Extracted data entries:

——————

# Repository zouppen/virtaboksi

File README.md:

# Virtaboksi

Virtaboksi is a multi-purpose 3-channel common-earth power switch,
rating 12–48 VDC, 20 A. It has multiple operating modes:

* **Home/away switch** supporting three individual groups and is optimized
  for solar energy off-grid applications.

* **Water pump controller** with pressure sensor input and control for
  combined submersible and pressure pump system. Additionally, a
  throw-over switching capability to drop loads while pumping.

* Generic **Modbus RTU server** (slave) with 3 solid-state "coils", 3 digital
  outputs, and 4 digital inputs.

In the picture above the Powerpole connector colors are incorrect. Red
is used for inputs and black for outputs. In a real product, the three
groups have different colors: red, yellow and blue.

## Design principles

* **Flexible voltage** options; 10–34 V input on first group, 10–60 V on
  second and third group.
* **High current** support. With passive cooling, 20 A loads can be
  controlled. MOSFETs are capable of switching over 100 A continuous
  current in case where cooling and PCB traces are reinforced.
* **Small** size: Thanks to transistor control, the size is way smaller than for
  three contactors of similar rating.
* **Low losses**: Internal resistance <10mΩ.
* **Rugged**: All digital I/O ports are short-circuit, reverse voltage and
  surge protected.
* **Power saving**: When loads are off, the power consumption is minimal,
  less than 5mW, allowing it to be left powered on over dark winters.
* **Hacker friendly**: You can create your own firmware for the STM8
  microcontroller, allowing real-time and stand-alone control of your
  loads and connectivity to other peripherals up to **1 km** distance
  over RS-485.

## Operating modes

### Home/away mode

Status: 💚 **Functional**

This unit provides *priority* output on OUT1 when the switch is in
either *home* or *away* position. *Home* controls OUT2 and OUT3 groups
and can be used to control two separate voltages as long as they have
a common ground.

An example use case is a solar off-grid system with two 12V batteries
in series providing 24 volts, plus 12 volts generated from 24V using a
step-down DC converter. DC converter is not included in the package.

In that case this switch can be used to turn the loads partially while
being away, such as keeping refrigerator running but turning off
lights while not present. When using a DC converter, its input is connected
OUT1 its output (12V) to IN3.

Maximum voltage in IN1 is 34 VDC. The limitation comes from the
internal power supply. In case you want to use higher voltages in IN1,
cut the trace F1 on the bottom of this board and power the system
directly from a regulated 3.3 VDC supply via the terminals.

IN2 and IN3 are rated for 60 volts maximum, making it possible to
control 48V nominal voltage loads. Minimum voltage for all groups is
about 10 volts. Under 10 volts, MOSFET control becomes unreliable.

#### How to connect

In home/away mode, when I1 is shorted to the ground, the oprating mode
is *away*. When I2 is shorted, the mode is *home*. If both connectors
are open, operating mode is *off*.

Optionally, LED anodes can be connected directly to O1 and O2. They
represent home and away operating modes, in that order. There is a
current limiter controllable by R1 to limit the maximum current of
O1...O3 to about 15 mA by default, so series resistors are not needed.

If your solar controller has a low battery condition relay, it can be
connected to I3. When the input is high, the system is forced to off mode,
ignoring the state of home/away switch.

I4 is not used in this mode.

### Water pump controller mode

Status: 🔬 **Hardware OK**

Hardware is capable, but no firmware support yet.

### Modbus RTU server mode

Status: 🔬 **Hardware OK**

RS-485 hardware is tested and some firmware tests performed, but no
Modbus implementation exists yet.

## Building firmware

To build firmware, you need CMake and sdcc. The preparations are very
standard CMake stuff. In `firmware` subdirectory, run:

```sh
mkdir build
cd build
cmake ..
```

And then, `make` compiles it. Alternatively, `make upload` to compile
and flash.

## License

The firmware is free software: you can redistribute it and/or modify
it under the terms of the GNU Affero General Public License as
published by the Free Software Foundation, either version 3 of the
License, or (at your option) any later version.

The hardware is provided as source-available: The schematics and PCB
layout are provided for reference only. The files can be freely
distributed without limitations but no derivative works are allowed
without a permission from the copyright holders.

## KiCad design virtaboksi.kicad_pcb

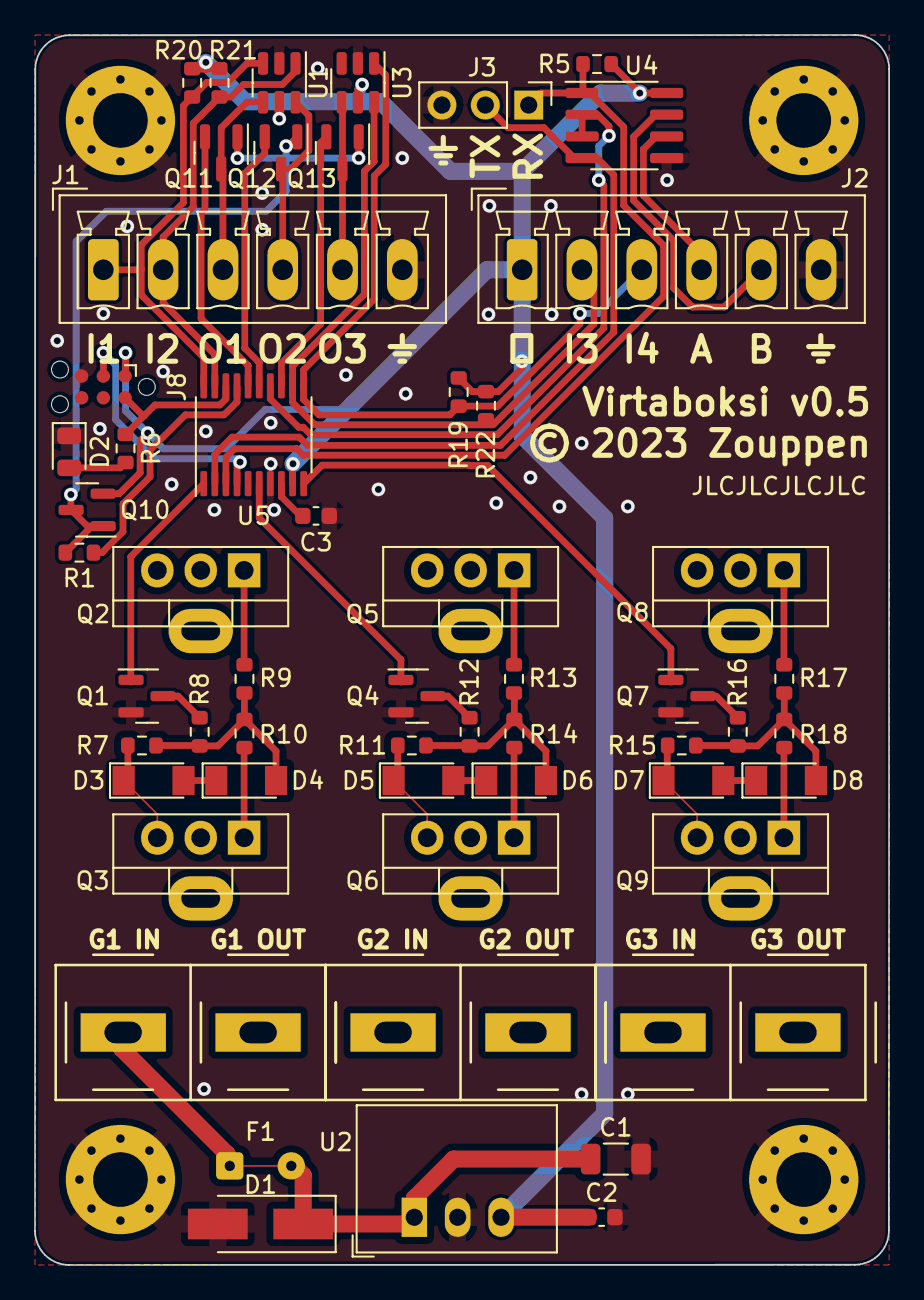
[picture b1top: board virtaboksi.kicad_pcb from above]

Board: 2 copper layers, 50.0 x 72.0 mm, 66 parts (0 on the bottom side), 48 nets.

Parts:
C1: 10u; C_1206_3216Metric
C2: 22u; C_0603_1608Metric
C3: 1u; C_0603_1608Metric
D1: SMAJ33A; D_SMA_Handsoldering
D2: LED; LED_0805_2012Metric
D3, D4, D5, D6, D7, D8: ZMM5V6-M; D_MiniMELF
F1: Fuse; Fuse-kindof_1x02_P3.6mm_D0.4mm_OD1mm
H1, H2, H3, H4: MountingHole_Pad; MountingHole_3.2mm_M3_Pad_Via
HS1, HS2, HS3, HS4, HS5, HS6: Heatsink; Heatsink_AAVID_576802B03900G-nocourt
J1: Panel_01x06; PhoenixContact_MCV_1,5_6-G-3.5_1x06_P3.50mm_Vertical
J2: External_01x06; PhoenixContact_MCV_1,5_6-G-3.5_1x06_P3.50mm_Vertical
J3: Optional_01x03; PinHeader_1x03_P2.54mm_Vertical
J5, J6, J7: Powerpole 01x02; 45A-VERT-PAIR
J8: TagConnect_TC2030-NL; Tag-Connect_TC2030-IDC-NL_2x03_P1.27mm_Vertical
Q1, Q4, Q7: 2N7002; SOT-23
Q2, Q3, Q5, Q6, Q8, Q9: IRF4905; TO-220-3_Vertical
Q10, Q11, Q12, Q13: MMBT3906; SOT-23
R1, R6: 220; R_0603_1608Metric
R5: 20k; R_0603_1608Metric
R7, R11, R15: 68k; R_0603_1608Metric
R8, R12, R16: 13k; R_0603_1608Metric
R9, R10, R13, R14, R17, R18: 10; R_0603_1608Metric
R19, R20, R21, R22: 5k; R_0603_1608Metric
U1, U3: SRV05-4; SOT-23-6
U2: AMSRI-783.3-NZ; Converter_DCDC_RECOM_R-78E-0.5_THT
U4: SP3485EN; SOIC-8_3.9x4.9mm_P1.27mm
U5: STM8S003F3P; TSSOP-20_4.4x6.5mm_P0.65mm

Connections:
+3.3V: C2.1, J2.1, J8.1 (VCC), Q10.2 (E), R5.1, R19.1, R20.1, R21.1, R22.1, U1.5 (VP), U2.3 (OUT), U3.5 (VP), U4.8 (VCC), U5.9 (VDD)
/GROUP1 CTRL: Q1.1 (G), U5.1 (PD4)
/GROUP1 IN: D3.1 (K), F1.1, J7.2, Q2.3 (S), Q3.3 (S), R7.1
/GROUP1 OUT: HS1.1, HS2.1, J7.1, Q2.2 (D), Q3.2 (D)
/GROUP2 CTRL: Q4.1 (G), U5.6 (PA2)
/GROUP2 IN: D5.1 (K), J6.2, Q5.3 (S), Q6.3 (S), R11.1
/GROUP2 OUT: HS3.1, HS4.1, J6.1, Q5.2 (D), Q6.2 (D)
/GROUP3 CTRL: Q7.1 (G), U5.10 (PA3)
/GROUP3 IN: D7.1 (K), J5.2, Q8.3 (S), Q9.3 (S), R15.1
/GROUP3 OUT: HS5.1, HS6.1, J5.1, Q8.2 (D), Q9.2 (D)
/IN1: J1.1, R20.2, U1.3 (IO2), U5.20 (PD3)
/IN2: J1.2, R21.2, U1.1 (IO1), U5.19 (PD2)
/IN3: J2.2, R22.2, U3.6 (IO4), U5.12 (PB4)
/IN4: J2.3, R19.2, U3.1 (IO1), U5.11 (PB5)
/IREF: Q10.1 (B), Q10.3 (C), Q11.1 (B), Q12.1 (B), Q13.1 (B), R1.1
/IREF_EN: R1.2, U5.17 (PC7)
/O1: J1.3, Q11.3 (C), U1.4 (IO3)
/O1uC: Q11.2 (E), U5.16 (PC6)
/O2: J1.4, Q12.3 (C), U1.6 (IO4)
/O2uC: Q12.2 (E), U5.15 (PC5)
/O3: J1.5, Q13.3 (C), U3.4 (IO3)
/O3uC: Q13.2 (E), U5.13 (PC3)
/PWR1: C1.1, D1.1 (A1), F1.2, U2.1 (IN)
/RESET: J8.3 (~RESET), U5.4 (NRST)
/RX: J3.1, R5.2, U4.1 (RO), U5.3 (PD6)
/SWIM: J8.2 (SWDIO), R6.2, U5.18 (PD1)
/TX: J3.2, U4.4 (DI), U5.2 (PD5)
/TX_EN: U4.2 (~RE), U4.3 (DE), U5.14 (PC4)
/mosfet_switch1/DRIVE: D4.2 (A), R7.2, R8.1, R9.1, R10.1
/mosfet_switch1/DRIVE_A: Q2.1 (G), R9.2
/mosfet_switch1/DRIVE_B: Q3.1 (G), R10.2
/mosfet_switch2/DRIVE: D6.2 (A), R11.2, R12.1, R13.1, R14.1
/mosfet_switch2/DRIVE_A: Q5.1 (G), R13.2
/mosfet_switch2/DRIVE_B: Q6.1 (G), R14.2
/mosfet_switch3/DRIVE: D8.2 (A), R15.2, R16.1, R17.1, R18.1
/mosfet_switch3/DRIVE_A: Q8.1 (G), R17.2
/mosfet_switch3/DRIVE_B: Q9.1 (G), R18.2
A: J2.4, U4.6 (A)
B: J2.5, U4.7 (B)
GND: C1.2, C2.2, C3.2, D1.2 (A2), D2.1 (K), H1.1, H2.1, H3.1, H4.1, J1.6, J2.6, J3.3, J8.5 (GND), Q1.2 (S), Q4.2 (S), Q7.2 (S), U1.2 (VN), U2.2 (GND), U3.2 (VN), U4.5 (GND), U5.7 (VSS)
unnamed: C3.1, U5.8 (VCAP)
unnamed: D2.2 (A), R6.1
unnamed: D3.2 (A), D4.1 (K)
unnamed: D5.2 (A), D6.1 (K)
unnamed: D7.2 (A), D8.1 (K)
unnamed: Q1.3 (D), R8.2
unnamed: Q4.3 (D), R12.2
unnamed: Q7.3 (D), R16.2

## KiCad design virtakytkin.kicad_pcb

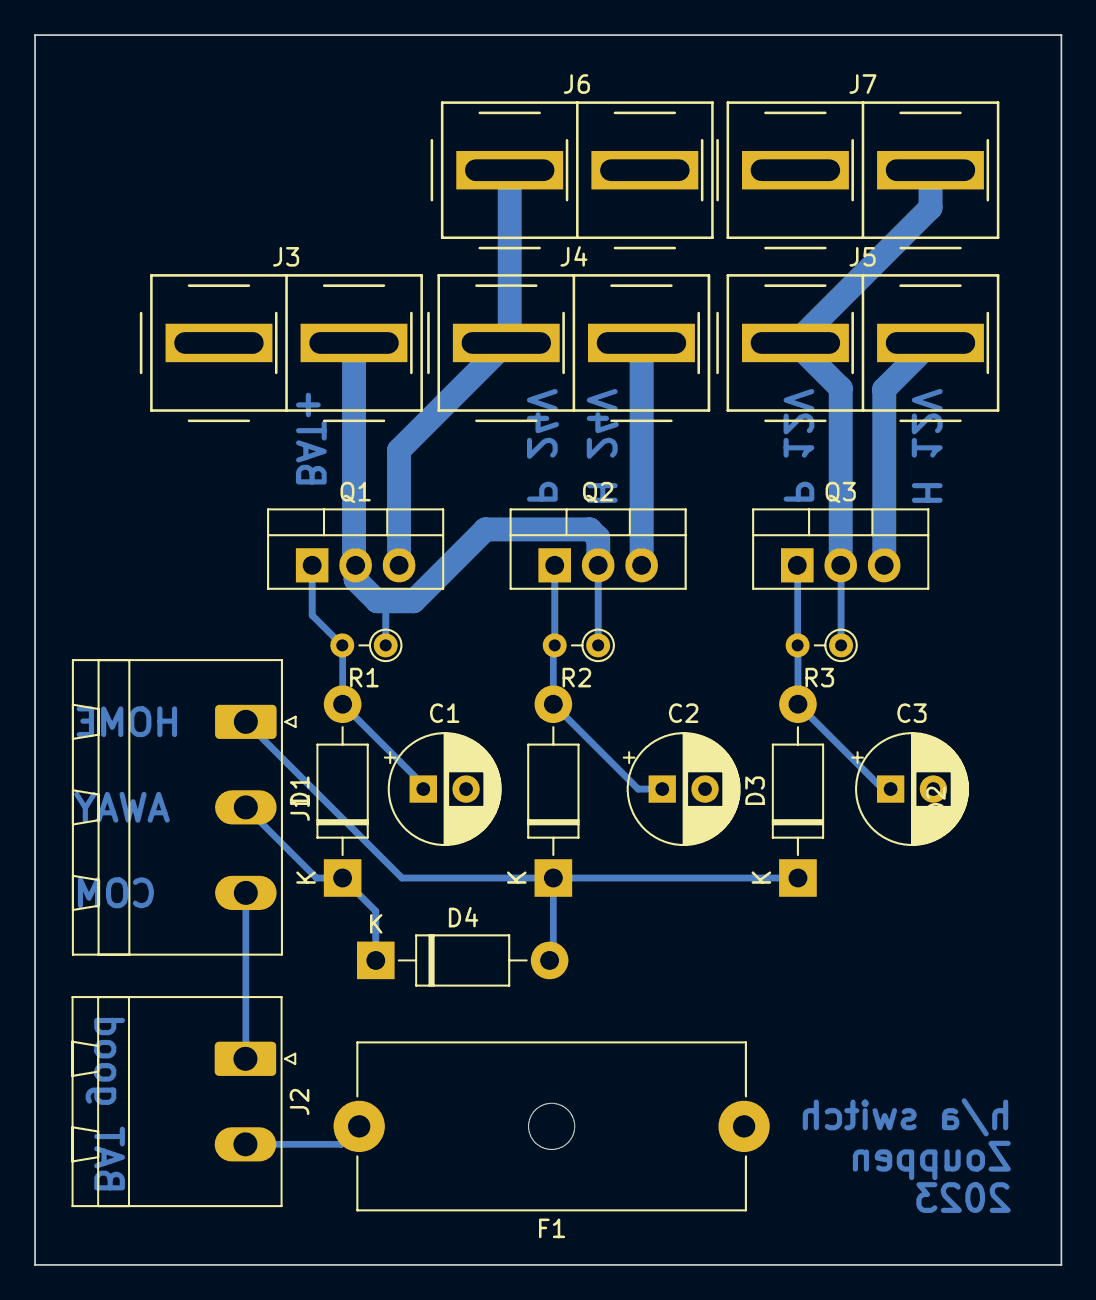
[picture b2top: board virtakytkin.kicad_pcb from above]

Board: 2 copper layers, 60.0 x 71.9 mm, 21 parts (0 on the bottom side), 13 nets.

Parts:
C1, C2, C3: C_Polarized; CP_Radial_D6.3mm_P2.50mm
D1, D2, D3, D4: 1N4001; D_DO-41_SOD81_P10.16mm_Horizontal
F1: Fuse; Fuseholder_Cylinder-5x20mm_Schurter_0031_8201_Horizontal_Op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
J1: Conn_01x03_Female; PhoenixContact_MSTBA_2,5_3-G_1x03_P5.00mm_Horizontal
J2: Conn_01x02_Female; PhoenixContact_MSTBA_2,5_2-G_1x02_P5.00mm_Horizontal
J3, J4, J5, J6, J7: Conn_01x02_Female; 45A-VERT-PAIR
Q1, Q2, Q3: IRF9540N; TO-220-3_Vertical
R1, R2, R3: 100k; R_Axial_DIN0204_L3.6mm_D1.6mm_P2.54mm_Vertical

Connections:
+BATT: J3.2, Q1.2 (D), Q2.2 (D), R1.1, R2.1
/AWAY: D1.1 (K), D4.1 (K), J1.2
/BAT GOOD: J1.3, J2.1
/HOME: D2.1 (K), D3.1 (K), D4.2 (A), J1.1
/HOME 12V: J5.2, Q3.3 (S)
/HOME 24V: J4.2, Q2.3 (S)
/PRI 12V: J5.1, J7.2, Q3.2 (D), R3.1
/PRI 24V: J4.1, J6.1, Q1.3 (S)
GND: C1.2, C2.2, C3.2, F1.1, J3.1, J6.2, J7.1
unnamed: C1.1, D1.2 (A), Q1.1 (G), R1.2
unnamed: C2.1, D2.2 (A), Q2.1 (G), R2.2
unnamed: C3.1, D3.2 (A), Q3.1 (G), R3.2
unnamed: F1.2, J2.2

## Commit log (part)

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2016-09-14 First version
2023-07-06 Add license
2023-07-06 Add current version of the project
2023-07-06 Rename project
2023-07-06 Add submodule for Powerpole connectors
2023-07-06 Move powerpoles so that they are stackable
2023-07-06 Finetuning layout & adding TVS diode
2023-07-17 MOSFET drain and source were flipped
2023-07-17 Run the thing in Falstad's simulator and adjust the circuit
2023-07-18 Change caps from elco to ceramic, reannotate
2023-07-18 Move overvoltage protection diode down, center DC converter pins
2023-07-18 Remove grounding pins for DC converter
2023-07-18 Add gerber export directory
2023-07-18 Add circuitjs simulation of this circuit
2023-07-19 Add image
2023-07-19 Add principle of operation to README
2023-07-22 Make schematics more readable, no functional changes
2023-07-28 Add origin point to the PCB
2023-07-29 Get rid of warnings, make TagConnect region more beautiful
2023-07-29 Rename power labels
2023-07-29 Update PCB labels to more understandable ones
2023-07-29 Add more capacitance to DC converter output, add DC output pins, minor cleanup
2023-07-29 Make voltage planes larger and remove solder mask from there
2023-07-29 Change TVS diode type to 33.3V
    This is to avoid TVS breakdown during solar charge controller
    equalization charge which uses higher voltages (up to 32 volts). The
    regulator type is updated to the one we plan to use (36V version).
2023-07-30 Heavily refactor board layout
2023-07-30 Make it pass DRC
2023-07-30 Making some small changes to improve ground connections
2023-07-30 Voltage plane redraw
2023-07-30 Fixes suggested by DRC
2023-07-30 Small improvements
    - Add extra single pin for debugging microcontroller code
    - Add vias to screw holes
2023-07-30 Release v0.2
2023-07-30 Add simulation with two MOSFETs, the current version
2023-08-10 Somewhat working logic with sleep mode
2023-08-10 Move control logic to a function which is run after debouncing
2023-08-10 Pin configuration and structure
2023-08-10 Add control logic
2023-08-11 Move firmware files to firmware directory
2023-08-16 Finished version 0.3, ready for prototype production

——————

# What you should do
Return exactly the lines from the beginning of the data above through the one containing "and is optimized", please. Include both end lines and add nothing else.

# Output
# Repository zouppen/virtaboksi

File README.md:

# Virtaboksi

Virtaboksi is a multi-purpose 3-channel common-earth power switch,
rating 12–48 VDC, 20 A. It has multiple operating modes:

* **Home/away switch** supporting three individual groups and is optimized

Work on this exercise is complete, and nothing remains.